Perhaps it's really more of a pipeline issue. In fact, this begins to make at least some sense when all the contracts are taken into account. Anders Lindback, you'll remember is on a two-year deal. Barring catastrophe, he'll be around in 2013-14. Mathieu Garon's contract expires at the end of this season, and I believe it was always the plan that he be a rental. The idea was that someone would be promoted to Tampa Bay next year. Desjardins' contract also expires at the end of the season. No long-term commitment.

So here's one way--maybe the only way--this deal makes hockey sense. Jaroslav Janus and Andrey Vasilevskiy almost have to be coming to North America in the fall; Janus will resume his career in the Lightning system and Vasilevskiy will make his North American debut in juniors (the Mississauga Steelheads of the OHL own his foreign rights).

Janus at current is killing it in the KHL, and has been getting time as a starter over there. In the summer, it was assumed that he couldn't get that time in Syracuse. He has a two-year deal with Slovan Bratislava, but he also has an out-clause for the 2013-14 season. Right now it seems like the club is interested enough to ask him to exercise it and come back. Vasilevskiy is also having a good season, and he's already expressed the intent to play in North America next season and have an NHL career.

So this trade essentially opens up the options for the Lightning.

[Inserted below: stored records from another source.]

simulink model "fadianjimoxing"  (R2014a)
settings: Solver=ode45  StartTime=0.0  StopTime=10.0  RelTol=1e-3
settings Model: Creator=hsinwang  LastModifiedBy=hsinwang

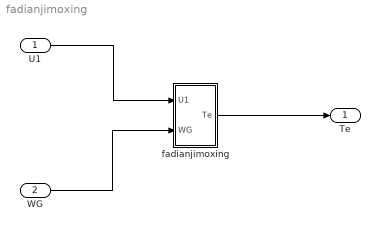
== system fadianjimoxing ==
  U1 : Inport
  WG : Inport  Port=2
  "fadianjimoxing " : Subsystem
  Te : Outport
  wires:
  U1/1 -> "fadianjimoxing "/1(U1)
  WG/1 -> "fadianjimoxing "/2(WG)
  "fadianjimoxing "/1(Te) -> Te/1

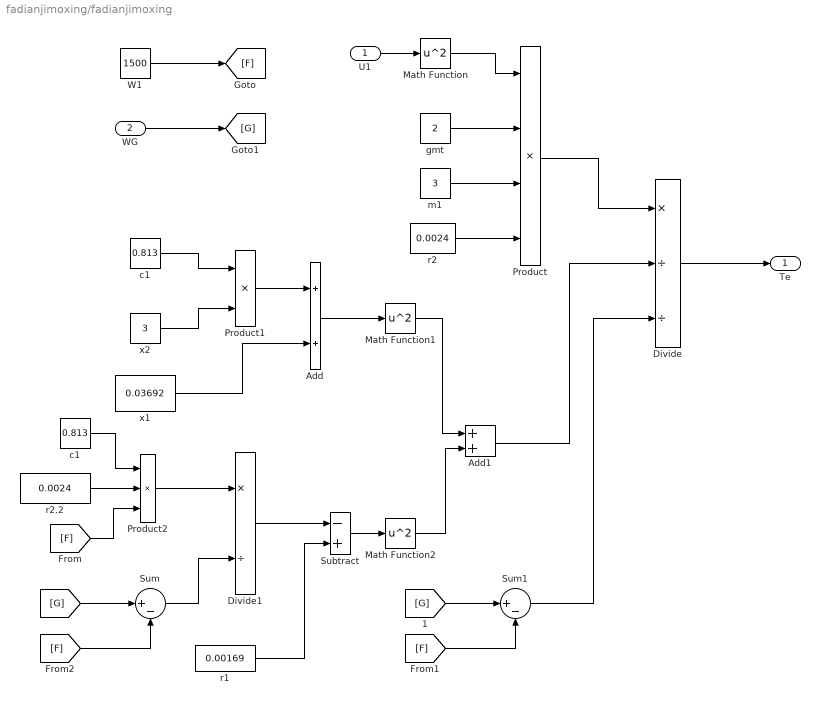
== system fadianjimoxing/fadianjimoxing  ==
  U1 : Inport
  WG : Inport  Port=2
  Add : Sum
  Add1 : Sum
  Divide : Product  Inputs=*//
  Divide1 : Product  Inputs=*/
  Math Function : Math  Operator=square  SaturateOnIntegerOverflow=on
  Math Function1 : Math  Operator=square  SaturateOnIntegerOverflow=on
  Math Function2 : Math  Operator=square  SaturateOnIntegerOverflow=on
  Product : Product  Inputs=4
  Product1 : Product
  Product2 : Product  Inputs=3
  Subtract : Sum  Inputs=-+
  Sum : Sum  Inputs=|+-
  Sum1 : Sum  Inputs=|+-
  W1 : Constant  Value=1500
  c1 : Constant  Value=0.813
  "c1 " : Constant  Value=0.813
  gmt : Constant  Value=2
  m1 : Constant  Value=3
  r1 : Constant  Value=0.00169
  r2 : Constant  Value=0.0024
  r2.2 : Constant  Value=0.0024
  "x1 " : Constant  Value=0.03692
  x2 : Constant  Value=3
  Te : Outport
  wires:
  r2/1 -> Product/4
  Math Function/1 -> Product/1
  m1/1 -> Product/3
  "x1 "/1 -> Add/2
  gmt/1 -> Product/2
  Math Function1/1 -> Add1/1
  Math Function2/1 -> Add1/2
  [F] -> Sum1/2
  [G] -> Sum1/1
  Sum1/1 -> Divide/3
  c1/1 -> Product2/1
  [F] -> Product2/3
  [G] -> Sum/1
  Divide1/1 -> Subtract/1
  [F] -> Sum/2
  r1/1 -> Subtract/2
  r2.2/1 -> Product2/2
  Product2/1 -> Divide1/1
  Add1/1 -> Divide/2
  Subtract/1 -> Math Function2/1
  W1/1 -> [F]
  Product/1 -> Divide/1
  "c1 "/1 -> Product1/1
  Divide/1 -> Te/1
  x2/1 -> Product1/2
  WG/1 -> [G]
  Add/1 -> Math Function1/1
  U1/1 -> Math Function/1
  Sum/1 -> Divide1/2
  Product1/1 -> Add/1

They'll have 3 goalies--Janus, Helenius, and Vasilevskiy--competing for 3 spots. (Possibly 4 goalies if Desjardins turns a corner.) Everyone gets something out of the deal. Everyone takes a step forward. And if Helenius sputters out again in the final year of his contract (2013-14), then that opens up space for Adam Wilcox (freshman at University of Minnesota) or maybe Pat Nagle (ECHL Florida Everblades).

In the meantime, they get someone who is at least as good as Tokarski to take over in Syracuse, which provides a shakeup for a team that has been floundering. And he's someone the coaching staff are comfortable with--or less uncomfortable with, anyway.